Tuesday's announcement comes after years of complaints and lawsuits and, most recently, an NPR investigation that revealed that these IDR plans, which promise affordable monthly payments as low as $0 and loan forgiveness after 20-25 years, have been badly mismanaged by the department and the loan servicing companies it employs.
Something immediately seems suspicious about “monthly payments as low as $0.” It’s like you got too excited and failed to read the fine print in a demonic contract.
IDR plans base your monthly payment on your monthly income and promise cancellation of any remaining debt after 20 or 25 years. Forty-five million Americans carry some level of student loan debt, but just eight million are currently enrolled in the program. It doesn’t have a great track record. The IDR plans have existed for 25 years now, but according to a 2021 analysis, the total number of borrowers who have ever received cancellation is 32. That’s not a typo, hoax, or imaginary story — just 32 people.

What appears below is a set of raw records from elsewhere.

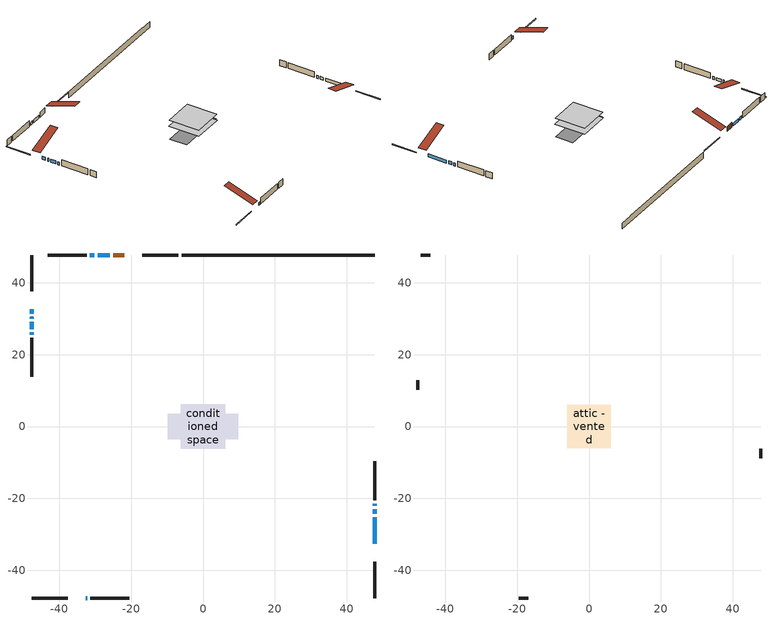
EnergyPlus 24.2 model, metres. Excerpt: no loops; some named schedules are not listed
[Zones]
conditioned space
 floor adiabatic (AdiabaticFloorConstruction): -6.2,-6.2 -6.2,6.2 6.2,6.2 6.2,-6.2 z0.76
 floor foundation (Slab1 construction): -9.87,-3.54 -9.87,3.54 9.87,3.54 9.87,-3.54 z-1.68
 wall outside (RimJoist1 construction): -6.82,47.75 -16.88,47.75 / -47.75,-47.75 -37.69,-47.75 / -47.75,47.75 -47.75,37.69 / 47.75,-47.75 47.75,-37.69 z0.76:1.06
 wall outside (AdiabaticWallConstruction 1): -21.86,47.75 -25.05,47.75 z0.76:2.79
 wall outside (AdiabaticWallConstruction): -47.75,32.71 -47.75,31.41 / -25.98,47.75 -29.36,47.75 / -47.75,30.49 -47.75,30.04 / -32.71,-47.75 -32.27,-47.75 / -47.75,29.11 -47.75,27.13 / -47.75,26.2 -47.75,25.59 / 47.75,-32.71 47.75,-25.23 / 47.75,-24.3 47.75,-23 / 47.75,-22.08 47.75,-21.5 / -30.29,47.75 -31.47,47.75 z0.76:1.98
 wall outside (Wall1 construction): -32.4,47.75 -43.24,47.75 / -31.34,-47.75 -20.5,-47.75 / -47.75,24.66 -47.75,13.82 / 47.75,-20.57 47.75,-9.73 z0.76:3.2
 wall foundation (FoundationWall1 construction): -5.9,47.75,-1.68 -5.9,47.75,0.76 42.38,47.75,0.76 42.38,47.75,0.56 47.75,47.75,0.56 47.75,47.75,-1.68
 window (WindowConstruction): -47.75,32.71 -47.75,31.42 z0.76:1.98
 window (WindowConstruction 7): -25.98,47.75 -29.36,47.75 z0.76:1.98
 window (WindowConstruction 8): -47.75,30.49 -47.75,30.04 z0.76:1.98
 window (WindowConstruction 9): -32.71,-47.75 -32.27,-47.75 z0.76:1.98
 window (WindowConstruction 1): -47.75,29.11 -47.75,27.13 z0.76:1.98
 window (WindowConstruction 2): -47.75,26.2 -47.75,25.59 z0.76:1.98
 window (WindowConstruction 3): 47.75,-32.71 47.75,-25.23 z0.76:1.98
 window (WindowConstruction 4): 47.75,-24.3 47.75,-23 z0.76:1.98
 window (WindowConstruction 5): 47.75,-22.08 47.75,-21.5 z0.76:1.98
 window (WindowConstruction 6): -30.29,47.75 -31.47,47.75 z0.76:1.98
 door (Door): -21.86,47.75 -25.05,47.75 z0.76:2.79
 ceiling adiabatic (AdiabaticFloorConstruction): 6.2,-6.2 6.2,6.2 -6.2,6.2 -6.2,-6.2 z0.76
attic - vented
 floor to conditioned space (Floor1 construction Reversed): -6.08,-6.08 -6.08,6.08 6.08,6.08 6.08,-6.08 z3.2
 wall outside (Wall2 construction): -44.17,47.75 -46.82,47.75 / -19.57,-47.75 -16.92,-47.75 / -47.75,12.89 -47.75,10.24 / 47.75,-8.8 47.75,-6.15 z0.76:3.2
 roof outside (Roof1 construction): -20.93,47.75,3.2 -20.93,35.9,7.15 -17.81,35.9,7.15 -17.81,47.75,3.2; -33.64,-47.75,3.2 -33.64,-35.9,7.15 -36.76,-35.9,7.15 -36.76,-47.75,3.2; -47.75,33.64,3.2 -35.9,33.64,7.15 -35.9,36.76,7.15 -47.75,36.76,3.2; 47.75,-33.64,3.2 35.9,-33.64,7.15 35.9,-36.76,7.15 47.75,-36.76,3.2
[Building]
Building 1: Terrain=Suburbs
[Site:Location]
Prince Albert AP_SK: Latitude {deg}=53.21; Longitude {deg}=-105.67; Time Zone {hr}=-6; Elevation {m}=428; Keep Site Location Information=Yes
[Site:GroundTemperature:Shallow]
-5.03068, -7.78458, -8.00512, -6.69825, -1.45193, 3.76996, 8.29705, 11.1649, 11.4085, 9.07601, 4.66436, -0.397337
[Site:WaterMainsTemperature]
Calculation Method=Schedule; Temperature Schedule=mains temperature schedule
[Material] Roughness=Rough; Thermal Absorptance=0.9
Name | Thickness {m} | Conductivity {W/m-K} | Density {kg/m3} | Specific Heat {J/kg-K} | Solar Absorptance | Visible Absorptance
asphalt or fiberglass shingles | 0.00635 | 0.162714 | 1121.4 | 1465.45 | 0.84 | 0.84
ceiling loosefill ins | 0.254 | 0.0480833 | 16.02 | 1046.75 | 0.7 | 0.7
ceiling stud and cavity | 0.1397 | 0.093558 | 65.682 | 1177.47 | 0.7 | 0.7
concrete 4.0 in. | 0.1016 | 1.803125 | 2242.8 | 837.4 | 0.7 | 0.7
concrete 8.0 in. | 0.2032 | 1.803125 | 2242.8 | 837.4 | 0.7 | 0.7
door material | 0.04445 | 0.0451087 | 512.64 | 1214.23 | 0.7 | 0.7
exterior vertical ins | 0.00546858 | 0.029427 | 32.04 | 1214.23 | 0.7 | 0.7
floor covering | 0.0127 | 0.0433444 | 54.468 | 1339.84 | 0.6 | 0.6
floor rigid ins; wall rigid ins 1 | 0.512978 | 0.029427 | 32.04 | 1214.23 | 0.7 | 0.7
floor stud and cavity | 0.1397 | 1.75129 | 37.0049 | 1207.88 | 0.7 | 0.7
furniture material conditioned space 1 | 0.1524 | 0.115458 | 640.8 | 1214.23 | 0.6 | 0.6
gypsum board | 0.0127 | 0.160291 | 801 | 837.4 | 0.6 | 0.6
gypsum board 1 | 0.0127 | 0.160291 | 801 | 837.4 | 0.7 | 0.7
osb sheathing 0.5 in. | 0.0127 | 0.115458 | 512.64 | 1214.23 | 0.7 | 0.7
osb sheathing 0.75 in. | 0.01905 | 0.115458 | 512.64 | 1214.23 | 0.7 | 0.7
osb sheathing 2.0 in. | 0.0508 | 0.115458 | 512.64 | 1214.23 | 0.7 | 0.7
rim joist rigid ins; wall rigid ins | 0.051816 | 0.029427 | 32.04 | 1214.23 | 0.7 | 0.7
rim joist stud and cavity | 0.0508 | 0.0439398 | 125.044 | 1163.47 | 0.6 | 0.6
wall stud and cavity | 0.1397 | 0.21045 | 139.0536 | 1170.24 | 0.7 | 0.7
wall stud and cavity 1 | 0.0889 | 6.1454 | 50.32683 | 1063.81 | 0.6 | 0.6
wall stud and cavity 2 | 0.0889 | 0.380278 | 52.3479 | 1209.89 | 0.7 | 0.7
wall stud and cavity 3 | 0.0889 | 0.391764 | 83.0341 | 1211.67 | 0.7 | 0.7
wood siding | 0.0254 | 0.102417 | 544.68 | 1172.36 | 0 | 0
wood siding 1 | 0.00254 | 0.102417 | 544.68 | 1172.36 | 0 | 0
wood siding 2; wood siding 3; wood siding 4 | 0.0254 | 0.102417 | 544.68 | 1172.36 | 0.7 | 0.7
[WindowMaterial:SimpleGlazingSystem]
Name | U-Factor {W/m2-K} | Solar Heat Gain Coefficient
WindowMaterial | 2.08837 | 0.59
WindowMaterial 1 | 2.05941 | 0.6
WindowMaterial 2 | 2.18262 | 0.56
WindowMaterial 3 | 2.0032 | 0.62
WindowMaterial 4 | 2.191708 | 0.56
WindowMaterial 5 | 2.09689 | 0.59
WindowMaterial 6 | 2.126411 | 0.55
WindowMaterial 7 | 3.04227 | 0.53
[Construction]
AdiabaticFloorConstruction: floor stud and cavity, floor rigid ins, osb sheathing 0.75 in., floor covering
AdiabaticWallConstruction: wood siding 3, wall rigid ins 1, wall stud and cavity 2, gypsum board
AdiabaticWallConstruction 1: wood siding 4, wall rigid ins 1, wall stud and cavity 2, gypsum board
Door: door material
Floor1 construction Reversed: gypsum board, ceiling stud and cavity, ceiling loosefill ins
FoundationWall1 construction: concrete 8.0 in., gypsum board 1
furniture construction conditioned space 1: furniture material conditioned space 1
PartitionWallConstruction: gypsum board, wall stud and cavity 3, gypsum board
RimJoist1 construction: wood siding 2, rim joist rigid ins, osb sheathing 2.0 in., rim joist stud and cavity
Roof1 construction: asphalt or fiberglass shingles
Slab1 construction: concrete 4.0 in.
Wall1 construction: wood siding, wall rigid ins, osb sheathing 0.5 in., wall stud and cavity, gypsum board
Wall2 construction: wood siding 1, wall stud and cavity 1
WindowConstruction; WindowConstruction 4: WindowMaterial
WindowConstruction 1: WindowMaterial 1
WindowConstruction 2: WindowMaterial 2
WindowConstruction 3: WindowMaterial 3
WindowConstruction 5: WindowMaterial 4
WindowConstruction 6: WindowMaterial 5
WindowConstruction 7: WindowMaterial 6
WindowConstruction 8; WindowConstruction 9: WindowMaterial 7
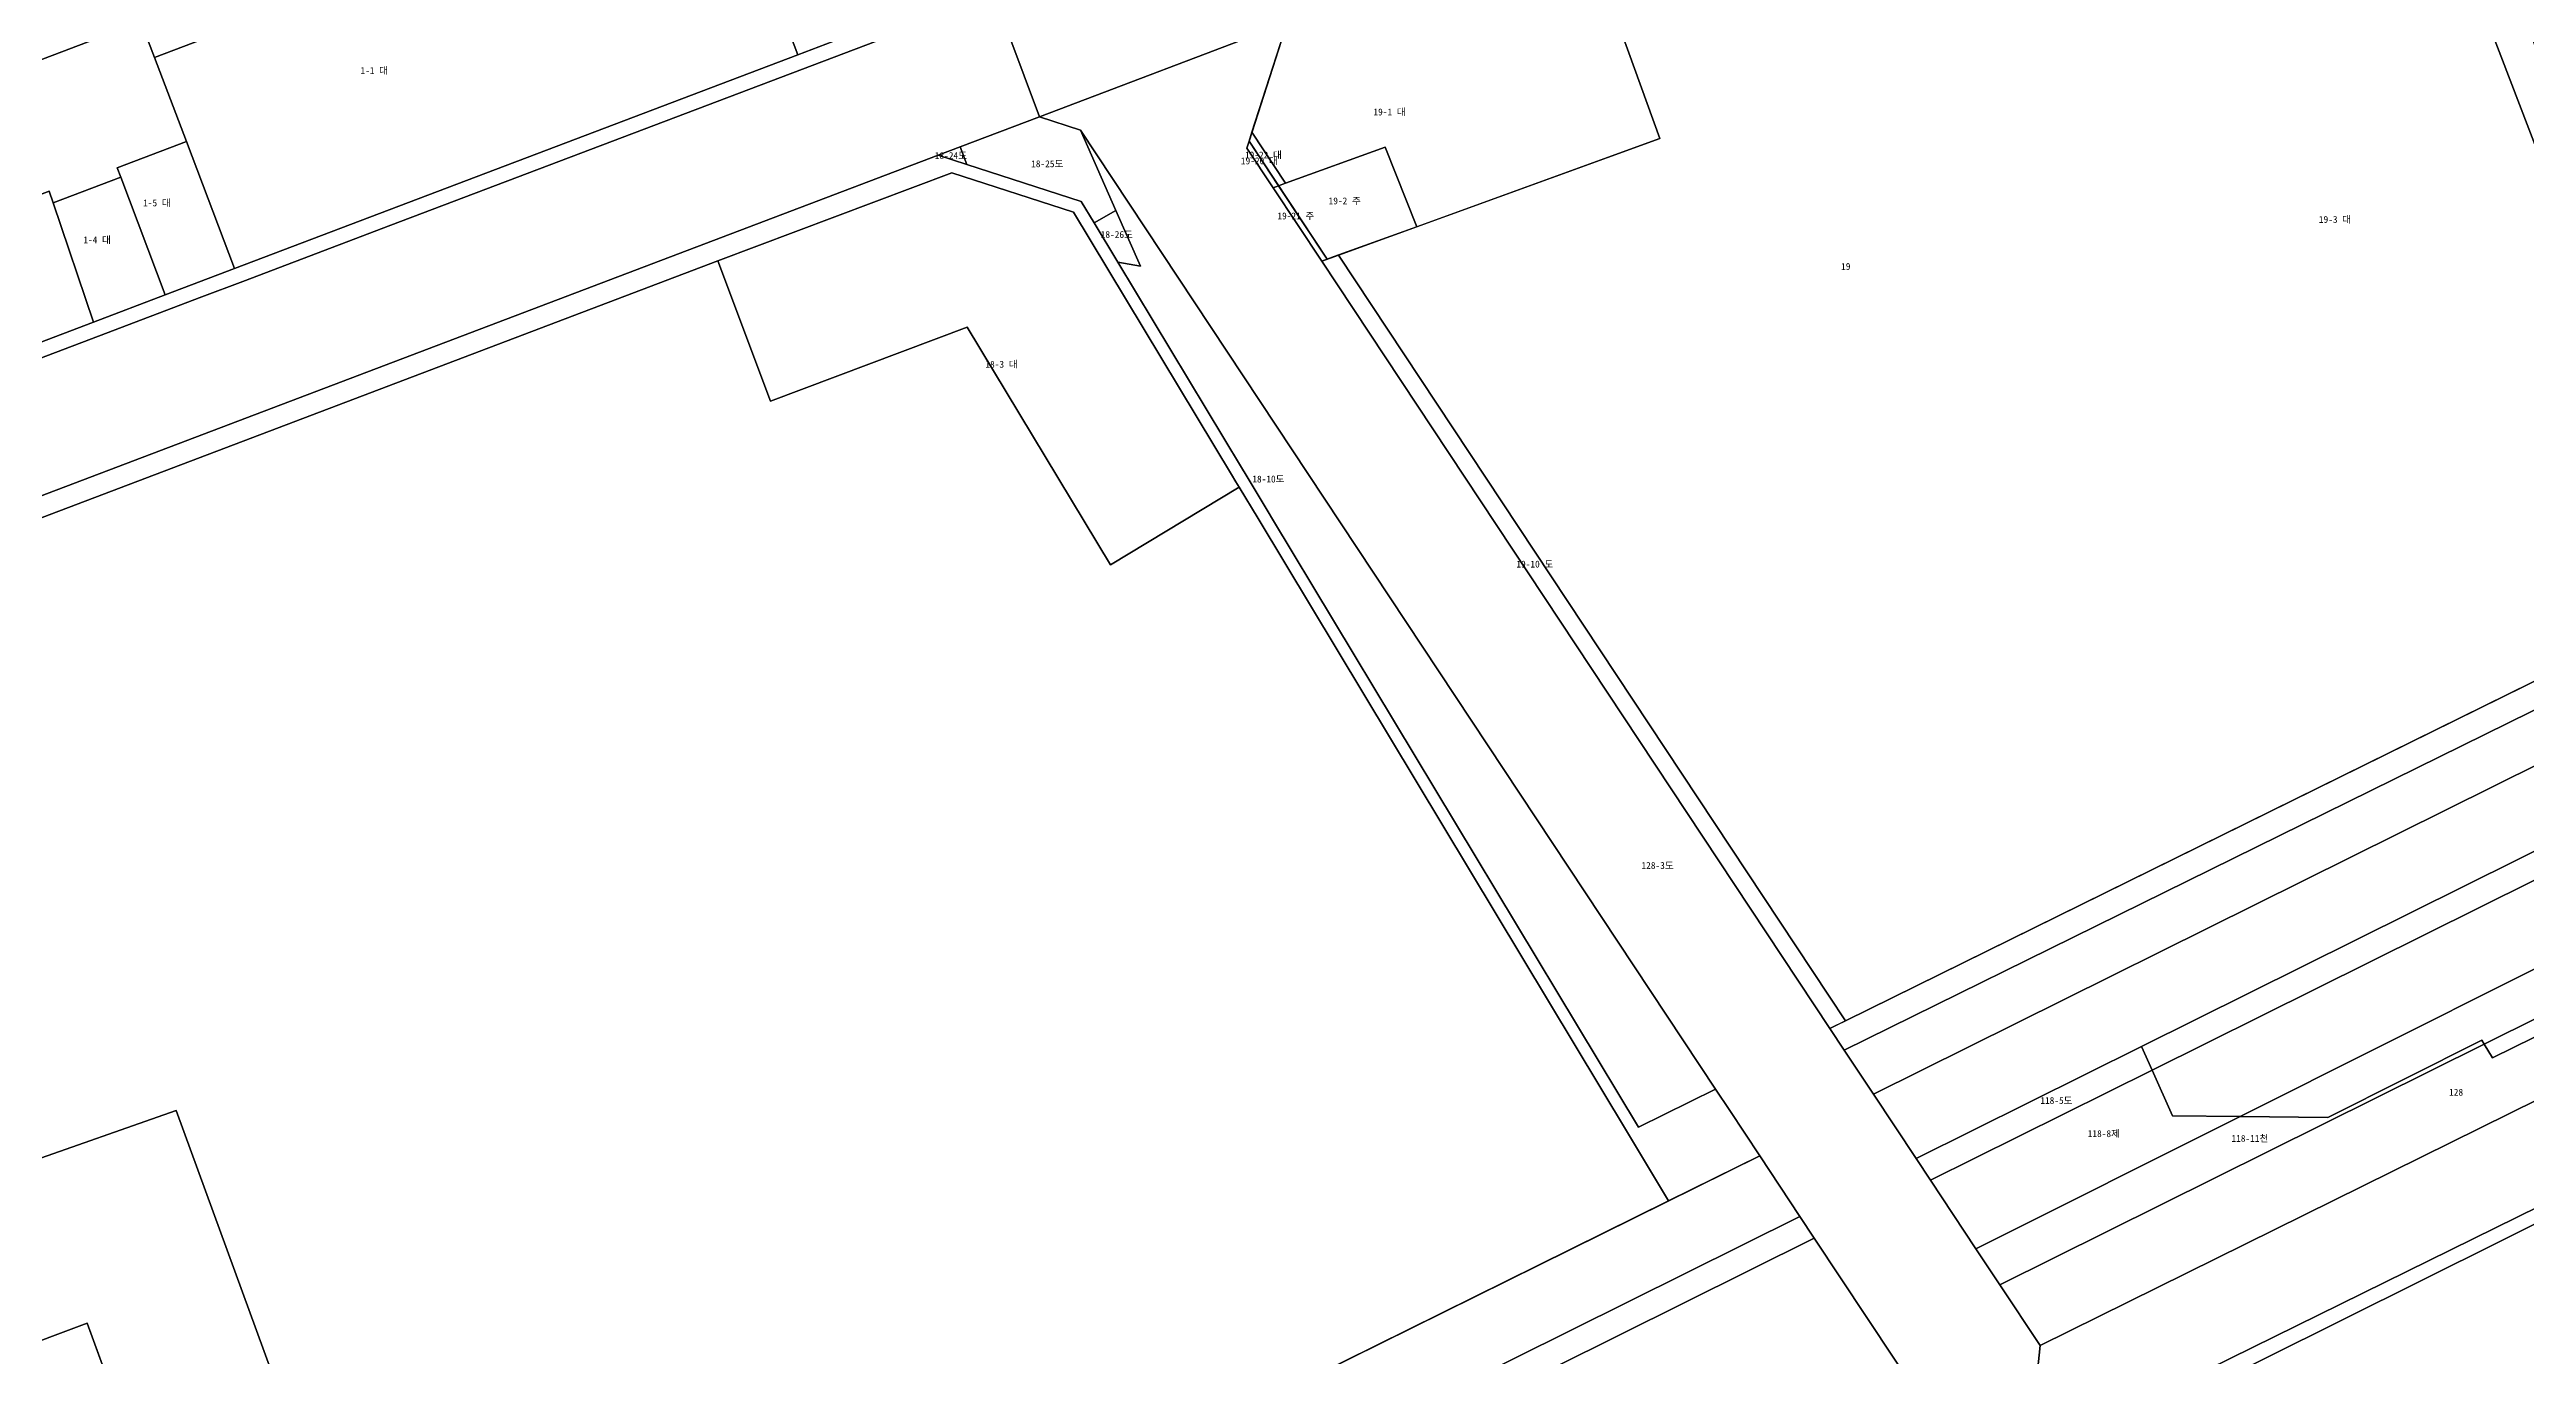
# Model space of a CAD drawing. Header units: metres. Extents: x 198218 to 208474, y 536547 to 547345.
# Drawn here: x 199856 to 200432, y 544749 to 545053 of the extents above; entities that cross this region are included whole.
import ezdxf
from ezdxf.enums import TextEntityAlignment as Align

# ---------------------------------------------------------------- set-up
doc = ezdxf.new("R2010")
doc.units = ezdxf.units.M
for name, color, linetype in [('CENTER_RADIUS', 1, 'Continuous'), ('PARCEL_BONBUN', 7, 'Continuous'), ('PARCEL_BUBUN', 8, 'Continuous'), ('PARCEL_LABEL', 3, 'Continuous'), ('ZONING', 5, 'Continuous')]:
    doc.layers.add(name, color=color, linetype=linetype)

msp = doc.modelspace()

# ---------------------------------------------------------------- linework, layer by layer
at = {"layer": 'CENTER_RADIUS'}
msp.add_circle((200224.7, 544673.01), 1000, dxfattribs=at)
at = {"layer": 'PARCEL_BONBUN'}
for points in [[(199823.34, 544969.53), (199867.29, 544986.21), (199891.39, 544995.36), (199900.92, 544998.98), (199935.34, 545012.05), (200048.15, 545054.87), (200050.74, 545055.85), (200075.92, 545065.41), (200079.93, 545074.5), (200068.64, 545103.08), (199895.55, 545541.47), (199892.58, 545548.97), (199881, 545578.22), (199873.57, 545596.98), (199866.29, 545615.36), (199881.72, 545623.91), (200013.4, 545290.54), (200011.58, 545288.33), (200102.06, 545059.29), (200792.91, 545321.57), (201296.44, 545512.81)], [(199589.84, 545417.59), (199881, 545578.22), (199892.58, 545548.97), (199895.55, 545541.47), (200068.64, 545103.08), (200079.93, 545074.5), (200075.92, 545065.41), (200050.74, 545055.85), (200048.15, 545054.87), (199935.34, 545012.05), (199900.92, 544998.98), (199891.39, 544995.36), (199891.39, 544995.36), (199867.29, 544986.21), (199823.34, 544969.53)], [(200144.01, 545059.17), (200134.63, 545030.04), (200140.75, 545020.79), (200152.07, 545003.7), (200270.35, 544825.09), (200273.69, 544820.05), (200280.51, 544809.76), (200290.43, 544794.78), (200293.77, 544789.74), (200304.34, 544773.77), (200309.9, 544765.38), (200319.25, 544751.26), (200824.53, 545001.04)], [(199502, 544343.08), (200291.34, 544739.08), (200266.7, 544776.29), (200263.36, 544781.33), (200254, 544795.46), (200247.05, 544805.95), (200243.72, 544810.99), (200095.88, 545034.22), (200086.36, 545037.29), (200067.91, 545030.29), (200062.77, 545028.34), (199752.8, 544910.66)], [(199752.8, 544910.66), (200062.77, 545028.34), (200067.91, 545030.29), (200086.36, 545037.29), (200095.88, 545034.22), (200243.72, 544810.99), (200247.05, 544805.95), (200254, 544795.46), (200232.81, 544784.98), (199945.03, 544642.58), (199945.03, 544642.58), (199806.35, 544573.96)], [(200433.48, 544703.76), (200430.38, 544703.53), (200430.25, 544703.04), (200430.25, 544703.04), (200366.03, 544697.92), (200364.05, 544697.88), (200343.15, 544703.46), (200342.58, 544703.62), (200342.06, 544707.1), (200353.25, 544743.19), (200517.65, 544824.17)], [(200517.65, 544824.17), (200353.25, 544743.19)], [(199806.35, 544573.96), (200254, 544795.46), (200263.36, 544781.33), (200266.7, 544776.29), (200291.34, 544739.08), (199502, 544343.08)]]:
    msp.add_lwpolyline(points, dxfattribs=at)
for points in [[(200135.14, 545031.62), (200135.8, 545033.69), (200144.01, 545059.17), (200211.72, 545084.87), (200381.61, 545149.37), (200396.02, 545154.84), (200450.69, 545011.09), (200481.79, 544929.31), (200474.16, 544925.55), (200466.8, 544921.92), (200273.98, 544826.89), (200270.35, 544825.09), (200152.07, 545003.7), (200140.75, 545020.79), (200134.63, 545030.04), (200135.14, 545031.62)], [(200290.43, 544794.78), (200280.51, 544809.76), (200273.69, 544820.05), (200270.35, 544825.09), (200481.79, 544929.31), (200862.95, 545117.18), (200865.31, 545111.65), (200869.36, 545102.22), (200885.92, 545063.79), (200893.89, 545045.16), (200899.52, 545032), (200893.92, 545030), (200888.02, 545027.89), (200873.63, 545022.75), (200857.99, 545016.29), (200848.81, 545012.5), (200824.53, 545001.04), (200319.25, 544751.26), (200309.9, 544765.38), (200304.34, 544773.77), (200293.77, 544789.74), (200290.43, 544794.78)], [(199791.65, 544729.12), (199864.67, 544756.48), (199905.66, 544644.21), (199800.91, 544592.54), (199757.74, 544716.41), (199791.65, 544729.12)]]:
    msp.add_lwpolyline(points, close=True, dxfattribs=at)
at = {"layer": 'PARCEL_BUBUN'}
for points in [[(199607.84, 545384.89), (199840.19, 545513.3), (199841.22, 545511.44), (199885, 545432.24), (199918.69, 545450.79), (199926.65, 545430.44), (199934.3, 545410.97), (199950.66, 545368.22), (200008.24, 545207.5), (200037.53, 545126.23), (200049.55, 545095.35), (200056.05, 545079.79), (200048.03, 545058.56), (200030.11, 545051.76), (200011.46, 545100.9), (199880.35, 545051.13), (199877.2, 545059.45), (199802.95, 545031.27), (199607.84, 545384.89)], [(200792.91, 545321.57), (200809.09, 545311.66), (200765.07, 545294.95), (200744.28, 545287.05), (200461.29, 545179.62), (200448.24, 545174.67), (200396.02, 545154.84), (200211.72, 545084.87), (200144.01, 545059.17), (200086.36, 545037.29), (200075.92, 545065.41), (200102.06, 545059.29), (200792.91, 545321.57)], [(200474.16, 544925.55), (200466.8, 544921.92), (200441.98, 544987.33), (200441.01, 544990.36), (200440.09, 544993.37), (200439.38, 544997.2), (200439.08, 545001.22), (200439.02, 545005.3), (200439.24, 545009.25), (200439.24, 545013.19), (200438.56, 545019.34), (200437.35, 545023.16), (200394.31, 545135.55), (200393.42, 545137.38), (200381.61, 545149.37), (200396.02, 545154.84), (200450.69, 545011.09), (200447.4, 545010.35), (200447.04, 545005.06), (200447.03, 545001.12), (200447.37, 544997.79), (200449.47, 544990.2), (200474.16, 544925.55)], [(200466.8, 544921.92), (200273.98, 544826.89), (200155.95, 545005.11), (200230.75, 545032.22), (200211.72, 545084.87), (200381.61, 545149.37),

Put into more depressing context, approximately 4.4 million federal student loan borrowers have been paying off loans for more than 20 years but are still under water with no relief in sight. This mess is apparently the result of flawed program design, failed implementation, and mismanagement at the Department of Education.
Miquel Cardona, the current Education secretary, released a statement this week reinforcing his intent to fix the issue.
Today, the Department of Education will begin to remedy years of administrative failures that effectively denied the promise of loan forgiveness to certain borrowers enrolled in IDR plans.
The department will conduct a "one-time account adjustment” that credits borrowers for time spent in absurdly long forbearances — more than 12 consecutive months or more than 36 cumulative months. Forbearance is when financially strapped borrowers can pause their payments but they continue to accrue interest. Soon, the interest is accruing interest.
After the 2008 financial crisis, IDR plans became widely available for perhaps obvious reasons. Long-term forbearance was supposed to serve as a last resort, but studies show that its use was "remarkably widespread.”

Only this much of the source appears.